How would you feel if you had a reservation for many years and studied English only to be turned down because many broke the law and stepped in front of you. That's what they are doing to many that want to be a American. Many of these don't care for our laws and don't respect the land.

----------


## BleedingHeadKen

> Are you SO miscombuberated that you can't tell a socialist from a libertarian???




A libertarian who uses socialist/nationalist language about how the country is "our house" and believes that the peaceful movement, presence, or labor of others constitutes aggression and is therefore a crime?

Yeah, that's not libertarian. Not by a long shot. Even the chickenhawk libertarians that I know wouldn't use language like that.

----------


## fyrenza

Haven't been to a decent college?  It shows.

It was an ANALOGY, pal.

http://www.merriam-webster.com/dictionary/analogy

Of course, when you can just Make Up the definitions of words ...

p.s.  Welcome to Ignore, for I refuse to "Feed The Trolls."

----------


## BleedingHeadKen

> How would you feel if you had a reservation for many years and studied English only to be turned down because many broke the law and stepped in front of you. That's what they are doing to many that want to be a American. Many of these don't care for our laws and don't respect the land.


I would say that two wrongs do not make a right. Demanding that government punish a class of people because some of those people are given privileges by that same government is wanting to use a wrong to correct a wrong in the hopes of making it right.

Also, we are talking about immigration here, not naturalization. There is a difference.Since the Constitution gives authority to the government to determine naturalization rules, I really have nothing to say on the subject other than that they should be fair. If someone wants to work here, or visit friends or family, or stay and enjoy his/her property for years, that is not your business nor mine.  Becoming a citizen should be difficult.

----------


## BleedingHeadKen

> Haven't been to a decent college?  It shows.
> 
> It was an ANALOGY, pal.
> 
> http://www.merriam-webster.com/dictionary/analogy
> 
> Of course, when you can just Make Up the definitions of words ...
> 
> p.s.  Welcome to Ignore, for I refuse to "Feed The Trolls."


Yes, I understand that it's an analogy. However, your analogy implies that my property and your property is a common good, rather than under the sovereign ownership of each of us. 

I'm sorry you cannot handle truth and I accept your surrender. I'll still respond to your utterly ridiculous pronouncements.

----------


## fyrenza

"Ignore" means that I won't ever have to see your drivel, unless someone chooses to quote you,

but odds of that happening are pretty slim, AND I can scroll pretty fast, despite my advanced years.

----------


## Roadmaster

> If someone wants to work here, or visit friends or family, or stay and enjoy his/her property for years, that is not your business nor mine.  Becoming a citizen should be difficult.

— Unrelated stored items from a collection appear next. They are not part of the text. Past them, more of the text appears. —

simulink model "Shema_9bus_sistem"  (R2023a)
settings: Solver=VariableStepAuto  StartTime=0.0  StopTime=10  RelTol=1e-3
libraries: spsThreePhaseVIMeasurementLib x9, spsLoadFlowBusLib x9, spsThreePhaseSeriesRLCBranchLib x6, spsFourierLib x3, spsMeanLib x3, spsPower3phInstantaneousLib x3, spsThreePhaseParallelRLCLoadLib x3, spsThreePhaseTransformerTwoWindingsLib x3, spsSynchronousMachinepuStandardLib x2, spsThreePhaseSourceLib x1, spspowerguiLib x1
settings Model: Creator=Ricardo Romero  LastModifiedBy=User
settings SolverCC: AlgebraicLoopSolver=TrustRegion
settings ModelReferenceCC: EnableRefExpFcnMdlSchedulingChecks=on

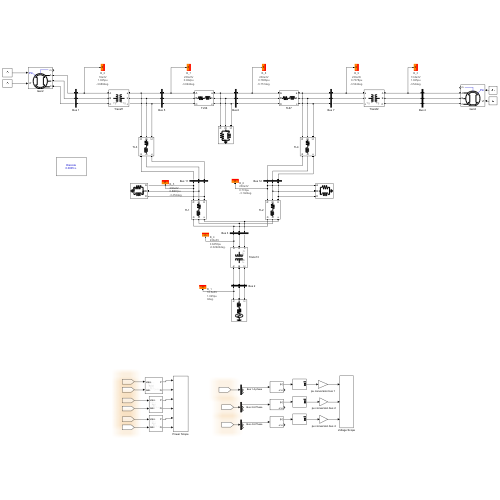
[thumbnail: Simulink's stored preview of the top-level diagram]
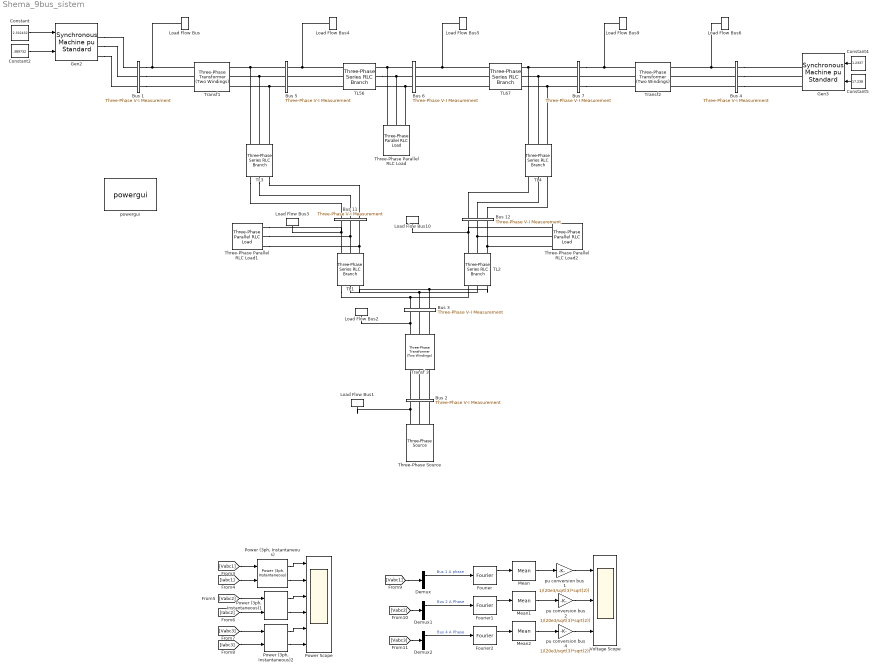
== system Shema_9bus_sistem ==
  Bus 1 : spsThreePhaseVIMeasurementLib/Three-Phase V-I Measurement  VoltageMeasurement=no  SetLabelV=on  LabelV=Vabc2  Vpu=off  VpuLL=off  CurrentMeasurement=no  SetLabelI=on  LabelI=Iabc2  Ipu=off  Pbase=100e6  Vbase=20e3  OutputType=Complex  PhasorSimulation=off  PSBequivalent=0
  Bus 11 : spsThreePhaseVIMeasurementLib/Three-Phase V-I Measurement  VoltageMeasurement=no  SetLabelV=on  LabelV=Vabc5  Vpu=off  VpuLL=off  CurrentMeasurement=no  SetLabelI=on  LabelI=Iabc5  Ipu=off  Pbase=100e6  Vbase=500e3  OutputType=Complex  PhasorSimulation=off  PSBequivalent=0
  Bus 12 : spsThreePhaseVIMeasurementLib/Three-Phase V-I Measurement  VoltageMeasurement=no  SetLabelV=on  LabelV=Vabc6  Vpu=off  VpuLL=off  CurrentMeasurement=no  SetLabelI=on  LabelI=Iabc6  Ipu=off  Pbase=100e6  Vbase=500e3  OutputType=Complex  PhasorSimulation=off  PSBequivalent=0
  Bus 2 : spsThreePhaseVIMeasurementLib/Three-Phase V-I Measurement  VoltageMeasurement=no  SetLabelV=on  LabelV=Vabc1  Vpu=off  VpuLL=off  CurrentMeasurement=no  SetLabelI=on  LabelI=Iabc1  Ipu=off  Pbase=100e6  Vbase=20e3  OutputType=Complex  PhasorSimulation=off  PSBequivalent=0
  Bus 3 : spsThreePhaseVIMeasurementLib/Three-Phase V-I Measurement  VoltageMeasurement=no  SetLabelV=on  LabelV=Vabc4  Vpu=off  VpuLL=off  CurrentMeasurement=no  SetLabelI=on  LabelI=Iabc4  Ipu=off  Pbase=100e6  Vbase=500e3  OutputType=Complex  PhasorSimulation=off  PSBequivalent=0
  Bus 4 : spsThreePhaseVIMeasurementLib/Three-Phase V-I Measurement  VoltageMeasurement=no  SetLabelV=on  LabelV=Vabc3  Vpu=off  VpuLL=off  CurrentMeasurement=no  SetLabelI=on  LabelI=Iabc3  Ipu=off  Pbase=100e6  Vbase=20e3  OutputType=Complex  PhasorSimulation=off  PSBequivalent=0
  Bus 5 : spsThreePhaseVIMeasurementLib/Three-Phase V-I Measurement  VoltageMeasurement=no  SetLabelV=on  LabelV=Vabc7  Vpu=off  VpuLL=off  CurrentMeasurement=no  SetLabelI=on  LabelI=Iabc7  Ipu=off  Pbase=100e6  Vbase=500e3  OutputType=Complex  PhasorSimulation=off  PSBequivalent=0
  Bus 6 : spsThreePhaseVIMeasurementLib/Three-Phase V-I Measurement  VoltageMeasurement=no  SetLabelV=on  LabelV=Vabc8  Vpu=off  VpuLL=off  CurrentMeasurement=no  SetLabelI=on  LabelI=Iabc8  Ipu=off  Pbase=100e6  Vbase=500e3  OutputType=Complex  PhasorSimulation=off  PSBequivalent=0
  Bus 7 : spsThreePhaseVIMeasurementLib/Three-Phase V-I Measurement  VoltageMeasurement=no  SetLabelV=on  LabelV=Vabc9  Vpu=off  VpuLL=off  CurrentMeasurement=no  SetLabelI=on  LabelI=Iabc9  Ipu=off  Pbase=100e6  Vbase=500e3  OutputType=Complex  PhasorSimulation=off  PSBequivalent=0
  Constant : Constant  Value=2.332432
  Constant2 : Constant  Value=.389732
  Constant4 : Constant  Value=1.2337
  Constant5 : Constant  Value=17.238
  Demux : Demux  Outputs=3
  Demux1 : Demux  Outputs=3
  Demux2 : Demux  Outputs=3
  Fourier : spsFourierLib/Fourier  Freq=60  n=1  InInit=[0, 0]  Ts=0
  Fourier1 : spsFourierLib/Fourier  Freq=60  n=1  InInit=[0, 0]  Ts=0
  Fourier2 : spsFourierLib/Fourier  Freq=60  n=1  InInit=[0, 0]  Ts=0
  Gen2 : spsSynchronousMachinepuStandardLib/Synchronous Machine pu Standard  PresetModel=No  MechanicalLoad=Mechanical power Pm  ShowDetailedParameters=on  RotorType=Round  Units=per unit standard parameters  MeasurementBus=off  NominalParameters=[163e6 18e3 60]  Reactances1=[0.8958 .1198 .25 1.7 .8645 .1969 .220]  Reactances2=[2.24 0.17 0.12 1.02 0.13 0.08]  dAxisTimeConstants=Open-circuit  qAxisTimeConstants=Open-circuit  TimeConstants1="[ 4.4849  0.0681  0.1  ]"  TimeConstants2=[6 .03 .535 .05]  TimeConstants3="[  4.49  0.0681  0.0513  ]"  TimeConstants4=[ 8.0, 0.03, 0.3371, 0.0295 ]  TimeConstants5=[ 1.01, 0.053, 0.1 ]  TimeConstants6=[ 1.3201, 0.023, 1.0, 0.07 ]  TimeConstants7=[0.012 0.003 0.003]  TimeConstants8=[ 1.3201, 0.0231, 0.3371, 0.0295 ]  StatorResistance=0.0025  Mechanical="[ 6.4  0  4]"  PolePairs=20  InitialConditions=[0 -49.7606 0.508854 0.508854 0.508854 0.2685 -119.731 120.269 1.07624]  SetSaturation=off  Saturation=[0.6404,0.7127,0.8441,0.9214,0.9956,1.082,1.19,1.316,1.457;0.7,0.7698,0.8872,0.9466,0.9969,1.046,1.1,1.151,1.201]  LoadFlowParameters=[1,0,0,0,0]  TsPowergui=0  TsBlock=-1  IterativeModel=Trapezoidal non iterative  IterativeDiscreteModel=Trapezoidal non iterative  BusType=PV  Pref=163000000  Qref=185000000  Qmin=-Inf  Qmax=Inf  PLF=0  QLF=0
  Gen3 : spsSynchronousMachinepuStandardLib/Synchronous Machine pu Standard  PresetModel=No  MechanicalLoad=Mechanical power Pm  ShowDetailedParameters=on  RotorType=Round  Units=per unit standard parameters  MeasurementBus=off  NominalParameters=[85e6 13.8e3 60]  Reactances1=[1.3125 .1813 .25 1.2578 .25 .25 .246]  Reactances2=[2.24 0.17 0.12 1.02 0.13 0.08]  dAxisTimeConstants=Open-circuit  qAxisTimeConstants=Open-circuit  TimeConstants1="[ 4.4849  0.0681  0.1  ]"  TimeConstants2=[5.89 .03 .6 .05]  TimeConstants3="[  4.49  0.0681  0.0513  ]"  TimeConstants4=[ 8.0, 0.03, 0.3371, 0.0295 ]  TimeConstants5=[ 1.01, 0.053, 0.1 ]  TimeConstants6=[ 1.3201, 0.023, 1.0, 0.07 ]  TimeConstants7=[0.012 0.003 0.003]  TimeConstants8=[ 1.3201, 0.0231, 0.3371, 0.0295 ]  StatorResistance=0.0025  Mechanical="[ 3.01  0  4]"  PolePairs=20  InitialConditions=[0 -46.9087 0.68512 0.68512 0.68512 7.5546 -112.445 127.555 1.27256]  SetSaturation=off  Saturation=[0.6404,0.7127,0.8441,0.9214,0.9956,1.082,1.19,1.316,1.457;0.7,0.7698,0.8872,0.9466,0.9969,1.046,1.1,1.151,1.201]  LoadFlowParameters=[1,0,0,0,0]  TsPowergui=0  TsBlock=-1  IterativeModel=Trapezoidal non iterative  IterativeDiscreteModel=Trapezoidal non iterative  BusType=PV  Pref=83000000  Qref=202000000  Qmin=-Inf  Qmax=Inf  PLF=0  QLF=0
  Load Flow Bus : spsLoadFlowBusLib/Load Flow Bus  LConnTagsString=a  Phases=single  Connectors=on one side  ID=B_2  Vbase=18e3  Vref=1.025  Vangle=0  VLF=1.025  VLFb=1  VLFc=1  angleLF=-3.689  angleLFb=0  angleLFc=0
  Load Flow Bus1 : spsLoadFlowBusLib/Load Flow Bus  LConnTagsString=a  Phases=single  Connectors=on one side  ID=B_1  Vbase=16.5e3  Vref=1.04  Vangle=0  VLF=1.025  VLFb=1  VLFc=1  angleLF=0  angleLFb=0  angleLFc=0
  Load Flow Bus10 : spsLoadFlowBusLib/Load Flow Bus  LConnTagsString=a  Phases=single  Connectors=on one side  ID=B_6  Vbase=230e3  Vref=1  Vangle=0  VLF=0.774  VLFb=1  VLFc=1  angleLF=-3.142  angleLFb=0  angleLFc=0
  Load Flow Bus2 : spsLoadFlowBusLib/Load Flow Bus  LConnTagsString=a  Phases=single  Connectors=on one side  ID=B_4  Vbase=230e3  Vref=1  Vangle=0  VLF=0.8455  VLFb=1  VLFc=1  angleLF=-0.02924  angleLFb=0  angleLFc=0
  Load Flow Bus3 : spsLoadFlowBusLib/Load Flow Bus  LConnTagsString=a  Phases=single  Connectors=on one side  ID=B_5  Vbase=230e3  Vref=1  Vangle=0  VLF=0.8807  VLFb=1  VLFc=1  angleLF=-3.452  angleLFb=0  angleLFc=0
  Load Flow Bus4 : spsLoadFlowBusLib/Load Flow Bus  LConnTagsString=a  Phases=single  Connectors=on one side  ID=B_7  Vbase=230e3  Vref=1  Vangle=0  VLF=0.922  VLFb=1  VLFc=1  angleLF=-3.694  angleLFb=0  angleLFc=0
  Load Flow Bus5 : spsLoadFlowBusLib/Load Flow Bus  LConnTagsString=a  Phases=single  Connectors=on one side  ID=B_8  Vbase=230e3  Vref=1  Vangle=0  VLF=0.7656  VLFb=1  VLFc=1  angleLF=-5.751  angleLFb=0  angleLFc=0
  Load Flow Bus6 : spsLoadFlowBusLib/Load Flow Bus  LConnTagsString=a  Phases=single  Connectors=on one side  ID=B_3  Vbase=13.8e3  Vref=1.025  Vangle=0  VLF=1.025  VLFb=1  VLFc=1  angleLF=-3.54  angleLFb=0  angleLFc=0
  Load Flow Bus9 : spsLoadFlowBusLib/Load Flow Bus  LConnTagsString=a  Phases=single  Connectors=on one side  ID=B_9  Vbase=230e3  Vref=1  Vangle=0  VLF=0.7078  VLFb=1  VLFc=1  angleLF=-3.544  angleLFb=0  angleLFc=0
  Mean : spsMeanLib/Mean  Freq=60  Vinit=0  Ts=0
  Mean1 : spsMeanLib/Mean  Freq=60  Vinit=0  Ts=0
  Mean2 : spsMeanLib/Mean  Freq=60  Vinit=0  Ts=0
  "Power (3ph, Instantaneous)" : spsPower3phInstantaneousLib/Power (3ph, Instantaneous)
  "Power (3ph, Instantaneous)1" : spsPower3phInstantaneousLib/Power (3ph, Instantaneous)
  "Power (3ph, Instantaneous)2" : spsPower3phInstantaneousLib/Power (3ph, Instantaneous)
  Power Scope : Scope  NumInputPorts=6
  TL1 : spsThreePhaseSeriesRLCBranchLib/Three-Phase Series RLC Branch  LConnTagsString=A|B|C  RConnTagsString=A|B|C  BranchType=RL  Resistance=0.529  Inductance=1.403e-2  Capacitance=1e-6  Measurements=None
  TL2 : spsThreePhaseSeriesRLCBranchLib/Three-Phase Series RLC Branch  LConnTagsString=A|B|C  RConnTagsString=A|B|C  BranchType=RL  Resistance=0.529  Inductance=1.403e-2  Capacitance=1e-6  Measurements=None
  TL3 : spsThreePhaseSeriesRLCBranchLib/Three-Phase Series RLC Branch  LConnTagsString=A|B|C  RConnTagsString=A|B|C  BranchType=RL  Resistance=0.032  Inductance=0.161/(2*pi*60)  Capacitance=1e-6  Measurements=None
  TL4 : spsThreePhaseSeriesRLCBranchLib/Three-Phase Series RLC Branch  LConnTagsString=A|B|C  RConnTagsString=A|B|C  BranchType=RL  Resistance=0.039  Inductance=0.17/(2*pi*60)  Capacitance=1e-6  Measurements=None
  TL56 : spsThreePhaseSeriesRLCBranchLib/Three-Phase Series RLC Branch  LConnTagsString=A|B|C  RConnTagsString=A|B|C  BranchType=RL  Resistance=0.0085  Inductance=0.072/(2*pi*60)  Capacitance=1e-6  Measurements=None
  TL67 : spsThreePhaseSeriesRLCBranchLib/Three-Phase Series RLC Branch  LConnTagsString=A|B|C  RConnTagsString=A|B|C  BranchType=RL  Resistance=0.0119  Inductance=0.1008/(2*pi*60)  Capacitance=1e-6  Measurements=None
  Three-Phase Parallel RLC Load : spsThreePhaseParallelRLCLoadLib/Three-Phase Parallel RLC Load  LConnTagsString=A|B|C  Configuration=Y (grounded)  NominalVoltage=(230000)*1.01675  Vabc=[1e3 1e3 1e3]  Vabcp=[1e3 1e3 1e3]  NominalFrequency=60  UnbalancedPower=off  ActivePower=100e6  InductivePower=35e6  CapacitivePower=0  Pabc=[10e3 9e3 11e3]  QLabc=[100 90 110]  QCabc=[100 90 110]  Pabcp=[10e3 9e3 11e3]  QLabcp=[100 90 110]  QCabcp=[100 90 110]  Measurements=None  LoadType=constant PQ
  Three-Phase Parallel RLC Load1 : spsThreePhaseParallelRLCLoadLib/Three-Phase Parallel RLC Load  LConnTagsString=A|B|C  Configuration=Y (grounded)  NominalVoltage=(230000)*1.01675  Vabc=[1e3 1e3 1e3]  Vabcp=[1e3 1e3 1e3]  NominalFrequency=60  UnbalancedPower=off  ActivePower=125e6  InductivePower=50e6  CapacitivePower=0  Pabc=[10e3 9e3 11e3]  QLabc=[100 90 110]  QCabc=[100 90 110]  Pabcp=[10e3 9e3 11e3]  QLabcp=[100 90 110]  QCabcp=[100 90 110]  Measurements=None  LoadType=constant PQ
  Three-Phase Parallel RLC Load2 : spsThreePhaseParallelRLCLoadLib/Three-Phase Parallel RLC Load  LConnTagsString=A|B|C  Configuration=Y (grounded)  NominalVoltage=(230000)*1.01675  Vabc=[1e3 1e3 1e3]  Vabcp=[1e3 1e3 1e3]  NominalFrequency=60  UnbalancedPower=off  ActivePower=90e6  InductivePower=30e5  CapacitivePower=0  Pabc=[10e3 9e3 11e3]  QLabc=[100 90 110]  QCabc=[100 90 110]  Pabcp=[10e3 9e3 11e3]  QLabcp=[100 90 110]  QCabcp=[100 90 110]  Measurements=None  LoadType=constant PQ
  Three-Phase Source : spsThreePhaseSourceLib/Three-Phase Source  InternalConnection=Yg  VoltagePhases=off  Voltage=16.5e3  PhaseAngle=0  Voltage_phases=[25e3 25e3 25e3]/sqrt(3)  PhaseAngles_phases=[0 -120 +120]  Frequency=60  NonIdealSource=on  SpecifyImpedance=off  Resistance=0.8929  Inductance=16.58e-3  ShortCircuitLevel=100e6  BaseVoltage=16.5e3  XRratio=7  BusType=swing  Pref=10e3  Qref=0  Prefabc=[10e3, 10e3, 10e3]  Qrefabc=[0, 0, 0]  Qmin=-inf  Qmax=inf
  Transf 3 : spsThreePhaseTransformerTwoWindingsLib/Three-Phase Transformer (Two Windings)  Winding1Connection=Yg  Winding2Connection=Yg  CoreType=Three single-phase transformers  SetSaturation=off  Hysteresis=off  DataFile='hysteresis'  SetInitialFlux=off  Measurements=None  UNITS=pu  NominalPower=[ 100e6 , 60 ]  Winding1=[ 16.5e3 , 1e-6, 0.0576/(2*3.14*60*2) ]  Winding2=[ 230e3 ,1e-6, 0.0576/(2*3.14*60*2) ]  Rm=500  Lm=500  L0=0.5  Saturation=[0 0;0.0024 1.2;0.99999 1.52]  InitialFluxes=[ 0.8 , -0.8 , 0.7 ]  BreakLoop=off  DiscreteSolver=Trapezoidal iterative  DataType=off  TransfoNumber=1
  Transf1 : spsThreePhaseTransformerTwoWindingsLib/Three-Phase Transformer (Two Windings)  Winding1Connection=Yg  Winding2Connection=Yg  CoreType=Three single-phase transformers  SetSaturation=off  Hysteresis=off  DataFile='hysteresis'  SetInitialFlux=off  Measurements=None  UNITS=pu  NominalPower=[100e6,60]  Winding1=[ 18e3 , 1e-6 , 0.0625/(2*3.14*60*2)]  Winding2=[ 230e3 , 1e-6, 0.0625/(2*3.14*60*2) ]  Rm=500  Lm=500  L0=0.5  Saturation=[0 0;0.0024001 1.2;0.99998 1.52]  InitialFluxes=[ 0.8 , -0.8 , 0.7 ]  BreakLoop=off  DiscreteSolver=Trapezoidal iterative  DataType=off  TransfoNumber=1
  Transf2 : spsThreePhaseTransformerTwoWindingsLib/Three-Phase Transformer (Two Windings)  Winding1Connection=Yg  Winding2Connection=Yg  CoreType=Three single-phase transformers  SetSaturation=off  Hysteresis=off  DataFile='hysteresis'  SetInitialFlux=off  Measurements=None  UNITS=pu  NominalPower=[100e6,60]  Winding1=[ 13.8e3 , 1e-6 , 0.0586/(2*3.14*60*2) ]  Winding2=[ 230e3 , 1e-6, 0.0586/(2*3.14*60*2) ]  Rm=500  Lm=500  L0=0.5  Saturation=[0 0;0.0024 1.2;0.99999 1.52]  InitialFluxes=[ 0.8 , -0.8 , 0.7 ]  BreakLoop=off  DiscreteSolver=Trapezoidal iterative  DataType=off  TransfoNumber=1
  Voltage Scope : Scope  NumInputPorts=3
  powergui : spspowerguiLib/powergui  Priority=1  SimulationMode=Discrete  SampleTime=500e-6  frequency=60  Iterations=50  frequencyindice=60  Pbase=100e6  ErrMax=0.0001  UnitsV=kV  UnitsW=MW  buscounter=2  FunctionMessages=off  echomessages=off  EnableUseOfTLC=off  CurrentSourceSwitches=off  DisableSnubberDevices=off  DisableRonSwitches=off  DisableVfSwitches=off  DisplayEquations=off  AutomaticDiscreteSolvers=on  SolverType=Tustin/Backward Euler (TBE)  Interpol=off  ExternalGateDelay=off  methode=off  Ts=100  x0status=blocks  SPID=on  SwTol=0  HookPort=off  NonlinearTolerance=1e-4  nMaxIteration=100  ContinueOnMaxIteration=off  RestoreLinks=warning  ResistiveCurrentMeasurement=off  Frange=[0:2:500]  Ylog=off  Xlog=on  ShowGrid=off  save=off  variable=ZData  structure=0  ZoomFFT=off  StartTime=0.0  cycles=1  DisplayStyle=1  fundamental=60  FreqAxis=off  MaxFrequency=1000  frequencyindicesteady=1  RmsSteady=1  display=off
  pu conversion bus 1 : Gain  Gain=1/(20e3/sqrt(3)*sqrt(2))
  pu conversion bus 2 : Gain  Gain=1/(20e3/sqrt(3)*sqrt(2))
  pu conversion bus 4 : Gain  Gain=1/(20e3/sqrt(3)*sqrt(2))
  wires:
  [Vabc1] -> "Power (3ph, Instantaneous)"/1
  [Iabc1] -> "Power (3ph, Instantaneous)"/2
  "Power (3ph, Instantaneous)"/1 -> Power Scope/1
  "Power (3ph, Instantaneous)"/2 -> Power Scope/2
  [Vabc2] -> "Power (3ph, Instantaneous)1"/1
  [Iabc2] -> "Power (3ph, Instantaneous)1"/2
  [Vabc3] -> "Power (3ph, Instantaneous)2"/1
  [Iabc3] -> "Power (3ph, Instantaneous)2"/2
  "Power (3ph, Instantaneous)2"/2 -> Power Scope/6
  "Power (3ph, Instantaneous)2"/1 -> Power Scope/5
  "Power (3ph, Instantaneous)1"/2 -> Power Scope/4
  "Power (3ph, Instantaneous)1"/1 -> Power Scope/3
  [Vabc1] -> Demux/1
  Demux/1 -> Fourier/1  "Bus 1 A phase"
  Demux1/1 -> Fourier1/1  "Bus 2 A Phase"
  [Vabc2] -> Demux1/1
  Demux2/1 -> Fourier2/1  "Bus 4 A Phase"
  [Vabc3] -> Demux2/1
  pu conversion bus 1/1 -> Voltage Scope/1
  pu conversion bus 2/1 -> Voltage Scope/2
  pu conversion bus 4/1 -> Voltage Scope/3
  Fourier/1 -> Mean/1
  Mean/1 -> pu conversion bus 1/1
  Fourier1/1 -> Mean1/1
  Mean1/1 -> pu conversion bus 2/1
  Mean2/1 -> pu conversion bus 4/1
  Fourier2/1 -> Mean2/1
  Constant/1 -> Gen2/1
  Constant2/1 -> Gen2/2
  Constant4/1 -> Gen3/1
  Constant5/1 -> Gen3/2
  connections:
  Gen2/RConn1 -- Bus 1/LConn1
  Gen2/RConn2 -- Bus 1/LConn2
  Gen2/RConn3 -- Bus 1/LConn3
  Bus 1/RConn1 -- Load Flow Bus/LConn1 -- Transf1/LConn1
  Bus 1/RConn2 -- Transf1/LConn2
  Bus 1/RConn3 -- Transf1/LConn3
  Bus 5/LConn1 -- TL3/LConn1 -- Transf1/RConn1
  Bus 5/LConn2 -- TL3/LConn2 -- Transf1/RConn2
  Bus 5/LConn3 -- TL3/LConn3 -- Transf1/RConn3
  Bus 6/LConn1 -- Three-Phase Parallel RLC Load/LConn1 -- TL56/RConn1
  Bus 6/LConn3 -- Three-Phase Parallel RLC Load/LConn3 -- TL56/RConn3
  TL56/LConn1 -- Load Flow Bus4/LConn1 -- Bus 5/RConn1
  TL56/LConn2 -- Bus 5/RConn2
  TL56/LConn3 -- Bus 5/RConn3
  TL67/LConn1 -- Load Flow Bus5/LConn1 -- Bus 6/RConn1
  TL67/LConn2 -- Bus 6/RConn2
  TL67/LConn3 -- Bus 6/RConn3
  Bus 7/LConn1 -- TL4/LConn1 -- TL67/RConn1
  Bus 7/LConn2 -- TL4/LConn2 -- TL67/RConn2
  Bus 7/LConn3 -- TL4/LConn3 -- TL67/RConn3
  Load Flow Bus9/LConn1 -- Transf2/RConn1 -- Bus 7/RConn1
  Transf2/RConn2 -- Bus 7/RConn2
  Bus 7/RConn3 -- Transf2/RConn3
  Bus 2/RConn1 -- Transf 3/LConn1
  Bus 2/RConn2 -- Transf 3/LConn2
  Bus 2/RConn3 -- Transf 3/LConn3
  TL56/RConn2 -- Three-Phase Parallel RLC Load/LConn2 -- Bus 6/LConn2
  Bus 4/LConn1 -- Load Flow Bus6/LConn1 -- Transf2/LConn1
  Bus 4/LConn2 -- Transf2/LConn2
  Bus 4/LConn3 -- Transf2/LConn3
  Bus 4/RConn1 -- Gen3/RConn1
  Bus 4/RConn2 -- Gen3/RConn2
  Bus 4/RConn3 -- Gen3/RConn3
  Transf 3/RConn1 -- Load Flow Bus2/LConn1 -- Bus 3/RConn3
  Transf 3/RConn2 -- Bus 3/RConn2
  Transf 3/RConn3 -- Bus 3/RConn1
  TL1/RConn1 -- TL2/RConn1 -- Bus 3/LConn3
  TL1/RConn2 -- TL2/RConn2 -- Bus 3/LConn2
  TL1/RConn3 -- TL2/RConn3 -- Bus 3/LConn1
  TL1/LConn1 -- Three-Phase Parallel RLC Load1/LConn1 -- Bus 11/RConn3 -- Load Flow Bus3/LConn1
  TL1/LConn2 -- Three-Phase Parallel RLC Load1/LConn2 -- Bus 11/RConn2
  TL1/LConn3 -- Three-Phase Parallel RLC Load1/LConn3 -- Bus 11/RConn1
  TL2/LConn1 -- Three-Phase Parallel RLC Load2/LConn1 -- Bus 12/RConn3 -- Load Flow Bus10/LConn1
  TL2/LConn2 -- Three-Phase Parallel RLC Load2/LConn2 -- Bus 12/RConn2
  TL2/LConn3 -- Three-Phase Parallel RLC Load2/LConn3 -- Bus 12/RConn1
  TL3/RConn1 -- Bus 11/LConn3
  TL3/RConn2 -- Bus 11/LConn2
  TL3/RConn3 -- Bus 11/LConn1
  Bus 12/LConn3 -- TL4/RConn1
  Bus 12/LConn2 -- TL4/RConn2
  Bus 12/LConn1 -- TL4/RConn3
  Load Flow Bus1/LConn1 -- Three-Phase Source/RConn1 -- Bus 2/LConn1
  Three-Phase Source/RConn2 -- Bus 2/LConn2
  Three-Phase Source/RConn3 -- Bus 2/LConn3

 That's where you are wrong. We have laws now that require you to learn English and become a citizen the correct way. It's not like a long time ago and our laws should be respected and there is no excuse for this. Many people come here the correct way from different countries.

----------


## fyrenza

Oh, wow, man!  Don't have a freakin' STROKE!

(just noticed that you'd responded TWICE, in the time it took me to post.
I won't "feed" you, anymore,
so attacking me, or trying to <cough!> debate with me is MOOT, at this point.)

Go find someone that will throw you some crumbs, in the way of responses,

'cuz Stick A Fork In Me ~ I'm DONE.

Later daze.

----------


## BleedingHeadKen

> That's where you are wrong. We have laws now that require you to learn English and become a citizen the correct way.


Again, there is a difference between naturalization, which is becoming a citizen, and immigration. A person can immigrate and work and travel and etc. and never become a citizen. I have no issue with making naturalization a difficut process that rewards the very best and is not given out easily.

Are you having trouble making the distinction?




> It's not like a long time ago and our laws should be respected and there is no excuse for this.


You asked me how I feel about it, not what the law is. It's like asking me how I feel about marijuana, and then when I say it's not a problem by me, reminding me that government makes possession of it a crime.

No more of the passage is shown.